::: Data for this exercise :::
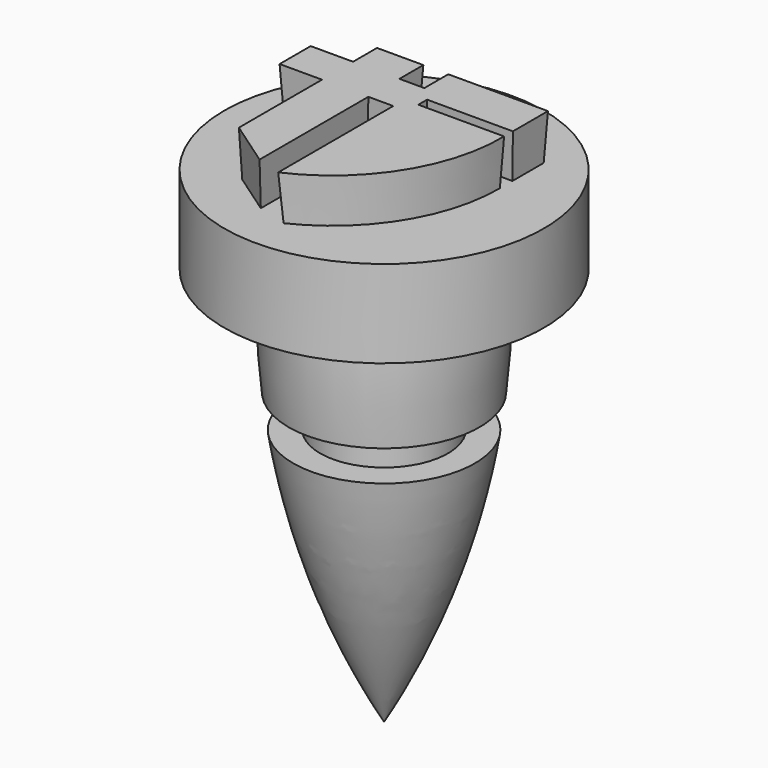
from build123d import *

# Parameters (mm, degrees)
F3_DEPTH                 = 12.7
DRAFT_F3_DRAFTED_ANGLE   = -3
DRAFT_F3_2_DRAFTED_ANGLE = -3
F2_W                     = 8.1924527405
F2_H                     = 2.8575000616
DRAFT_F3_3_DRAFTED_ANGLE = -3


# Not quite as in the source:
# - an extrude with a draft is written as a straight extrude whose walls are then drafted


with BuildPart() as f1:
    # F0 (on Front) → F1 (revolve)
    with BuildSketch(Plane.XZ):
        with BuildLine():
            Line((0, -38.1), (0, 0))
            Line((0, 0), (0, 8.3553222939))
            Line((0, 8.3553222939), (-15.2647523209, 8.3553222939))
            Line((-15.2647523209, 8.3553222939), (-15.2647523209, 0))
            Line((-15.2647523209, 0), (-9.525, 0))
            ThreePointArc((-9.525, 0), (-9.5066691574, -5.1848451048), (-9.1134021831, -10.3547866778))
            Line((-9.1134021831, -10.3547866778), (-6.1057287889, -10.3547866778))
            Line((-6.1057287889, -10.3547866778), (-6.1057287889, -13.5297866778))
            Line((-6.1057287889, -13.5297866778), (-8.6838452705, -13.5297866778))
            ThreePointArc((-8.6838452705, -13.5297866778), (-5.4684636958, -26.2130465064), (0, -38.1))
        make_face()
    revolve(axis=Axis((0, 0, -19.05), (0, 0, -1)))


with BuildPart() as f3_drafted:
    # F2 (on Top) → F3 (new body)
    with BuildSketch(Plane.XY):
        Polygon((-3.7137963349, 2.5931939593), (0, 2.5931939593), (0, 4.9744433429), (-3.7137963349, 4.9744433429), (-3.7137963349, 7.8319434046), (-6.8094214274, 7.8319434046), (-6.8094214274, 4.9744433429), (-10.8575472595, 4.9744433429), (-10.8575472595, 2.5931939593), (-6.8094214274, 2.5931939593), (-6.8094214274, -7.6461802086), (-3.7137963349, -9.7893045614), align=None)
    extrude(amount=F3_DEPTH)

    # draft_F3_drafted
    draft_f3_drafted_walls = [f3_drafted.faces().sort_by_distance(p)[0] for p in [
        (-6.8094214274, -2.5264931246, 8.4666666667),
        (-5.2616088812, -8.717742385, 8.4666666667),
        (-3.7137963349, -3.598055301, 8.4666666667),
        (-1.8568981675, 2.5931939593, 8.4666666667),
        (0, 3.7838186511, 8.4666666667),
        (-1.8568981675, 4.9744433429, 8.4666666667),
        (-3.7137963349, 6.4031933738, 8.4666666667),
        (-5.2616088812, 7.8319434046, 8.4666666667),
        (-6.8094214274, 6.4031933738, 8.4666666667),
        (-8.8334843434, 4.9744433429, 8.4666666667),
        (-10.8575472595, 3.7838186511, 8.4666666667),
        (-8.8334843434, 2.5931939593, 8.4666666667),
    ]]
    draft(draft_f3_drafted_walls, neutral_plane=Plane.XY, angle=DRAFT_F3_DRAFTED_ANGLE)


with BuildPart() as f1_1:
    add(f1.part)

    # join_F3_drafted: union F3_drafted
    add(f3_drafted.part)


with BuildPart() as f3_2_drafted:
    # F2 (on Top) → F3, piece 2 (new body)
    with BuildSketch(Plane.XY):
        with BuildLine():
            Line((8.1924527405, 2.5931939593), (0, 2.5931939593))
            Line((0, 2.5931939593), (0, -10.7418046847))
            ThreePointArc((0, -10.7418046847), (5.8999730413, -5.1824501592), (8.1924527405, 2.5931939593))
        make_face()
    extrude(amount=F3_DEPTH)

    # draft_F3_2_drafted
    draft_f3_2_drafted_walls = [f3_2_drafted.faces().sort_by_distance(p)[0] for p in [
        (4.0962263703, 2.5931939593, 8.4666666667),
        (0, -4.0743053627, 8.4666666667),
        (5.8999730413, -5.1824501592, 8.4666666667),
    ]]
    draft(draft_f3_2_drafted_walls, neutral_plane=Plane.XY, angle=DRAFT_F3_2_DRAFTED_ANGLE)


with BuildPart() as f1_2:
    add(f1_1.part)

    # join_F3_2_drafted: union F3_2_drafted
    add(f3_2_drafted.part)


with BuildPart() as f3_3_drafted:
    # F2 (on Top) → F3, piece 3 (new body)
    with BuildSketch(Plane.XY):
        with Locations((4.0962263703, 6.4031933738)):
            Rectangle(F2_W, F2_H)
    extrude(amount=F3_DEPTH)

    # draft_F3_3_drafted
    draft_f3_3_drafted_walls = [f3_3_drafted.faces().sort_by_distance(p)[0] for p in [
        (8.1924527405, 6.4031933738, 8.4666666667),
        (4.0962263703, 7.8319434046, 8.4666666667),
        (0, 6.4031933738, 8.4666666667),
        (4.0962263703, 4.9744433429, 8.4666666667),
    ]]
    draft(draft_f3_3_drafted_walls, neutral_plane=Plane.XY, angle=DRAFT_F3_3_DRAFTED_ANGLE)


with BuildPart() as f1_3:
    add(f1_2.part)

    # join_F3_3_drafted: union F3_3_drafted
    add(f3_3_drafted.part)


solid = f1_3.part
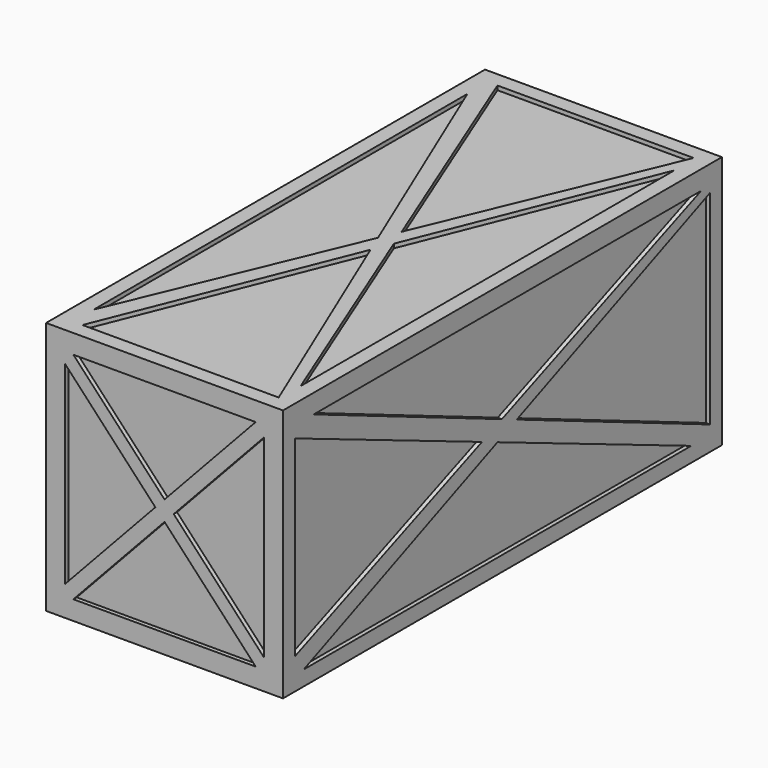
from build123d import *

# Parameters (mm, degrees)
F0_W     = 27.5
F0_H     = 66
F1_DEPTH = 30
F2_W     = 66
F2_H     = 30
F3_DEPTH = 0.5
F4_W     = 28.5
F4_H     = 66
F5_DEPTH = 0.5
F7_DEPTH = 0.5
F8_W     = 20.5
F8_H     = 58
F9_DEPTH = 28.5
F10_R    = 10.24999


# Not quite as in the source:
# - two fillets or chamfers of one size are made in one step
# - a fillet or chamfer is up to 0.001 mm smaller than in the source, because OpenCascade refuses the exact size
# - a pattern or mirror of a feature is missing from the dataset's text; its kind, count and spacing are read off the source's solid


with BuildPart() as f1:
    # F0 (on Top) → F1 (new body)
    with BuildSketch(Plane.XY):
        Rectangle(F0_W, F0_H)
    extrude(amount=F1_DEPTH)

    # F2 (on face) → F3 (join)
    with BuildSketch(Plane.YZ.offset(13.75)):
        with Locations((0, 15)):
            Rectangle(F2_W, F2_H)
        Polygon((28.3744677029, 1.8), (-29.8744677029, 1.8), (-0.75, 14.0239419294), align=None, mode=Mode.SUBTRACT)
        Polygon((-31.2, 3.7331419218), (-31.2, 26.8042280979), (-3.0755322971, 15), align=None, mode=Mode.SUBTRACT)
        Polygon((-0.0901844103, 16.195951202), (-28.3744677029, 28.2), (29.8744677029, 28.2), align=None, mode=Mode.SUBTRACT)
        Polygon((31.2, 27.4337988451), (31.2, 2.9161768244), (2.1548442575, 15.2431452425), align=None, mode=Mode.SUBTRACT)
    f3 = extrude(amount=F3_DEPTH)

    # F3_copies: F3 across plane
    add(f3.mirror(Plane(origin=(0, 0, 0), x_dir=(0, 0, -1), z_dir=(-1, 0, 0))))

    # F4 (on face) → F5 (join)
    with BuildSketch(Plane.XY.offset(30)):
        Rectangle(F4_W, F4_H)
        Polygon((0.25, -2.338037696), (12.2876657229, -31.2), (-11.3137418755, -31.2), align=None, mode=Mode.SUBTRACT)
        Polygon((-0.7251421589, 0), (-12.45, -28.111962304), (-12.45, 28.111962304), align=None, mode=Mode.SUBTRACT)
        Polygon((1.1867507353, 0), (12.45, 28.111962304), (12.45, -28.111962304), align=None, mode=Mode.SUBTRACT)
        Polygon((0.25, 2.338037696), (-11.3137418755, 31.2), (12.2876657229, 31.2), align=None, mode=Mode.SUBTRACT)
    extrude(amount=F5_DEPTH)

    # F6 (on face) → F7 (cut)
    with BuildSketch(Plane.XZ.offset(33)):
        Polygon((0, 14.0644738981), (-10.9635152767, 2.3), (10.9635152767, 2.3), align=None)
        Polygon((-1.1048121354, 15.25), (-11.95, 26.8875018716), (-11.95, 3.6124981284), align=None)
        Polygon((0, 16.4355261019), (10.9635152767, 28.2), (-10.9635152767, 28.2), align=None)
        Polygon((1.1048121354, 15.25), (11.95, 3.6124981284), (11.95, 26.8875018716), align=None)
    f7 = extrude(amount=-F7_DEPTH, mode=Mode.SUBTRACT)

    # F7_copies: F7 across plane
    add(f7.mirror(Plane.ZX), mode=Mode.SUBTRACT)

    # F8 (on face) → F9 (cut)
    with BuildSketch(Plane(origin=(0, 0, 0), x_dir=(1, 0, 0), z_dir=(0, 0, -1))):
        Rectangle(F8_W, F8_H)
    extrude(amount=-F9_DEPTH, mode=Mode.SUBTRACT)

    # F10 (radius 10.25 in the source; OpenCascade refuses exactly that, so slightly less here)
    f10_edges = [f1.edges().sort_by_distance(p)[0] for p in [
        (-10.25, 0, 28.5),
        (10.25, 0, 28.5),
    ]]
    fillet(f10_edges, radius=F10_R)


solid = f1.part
:::
-- Exercise directions --
Your answer must consist only of the lines from the one with "# F7_copies: F7 across plane" through the final line of the entries, each retyped exactly.

-- Output of the exercise --
    # F7_copies: F7 across plane
    add(f7.mirror(Plane.ZX), mode=Mode.SUBTRACT)

    # F8 (on face) → F9 (cut)
    with BuildSketch(Plane(origin=(0, 0, 0), x_dir=(1, 0, 0), z_dir=(0, 0, -1))):
        Rectangle(F8_W, F8_H)
    extrude(amount=-F9_DEPTH, mode=Mode.SUBTRACT)

    # F10 (radius 10.25 in the source; OpenCascade refuses exactly that, so slightly less here)
    f10_edges = [f1.edges().sort_by_distance(p)[0] for p in [
        (-10.25, 0, 28.5),
        (10.25, 0, 28.5),
    ]]
    fillet(f10_edges, radius=F10_R)


solid = f1.part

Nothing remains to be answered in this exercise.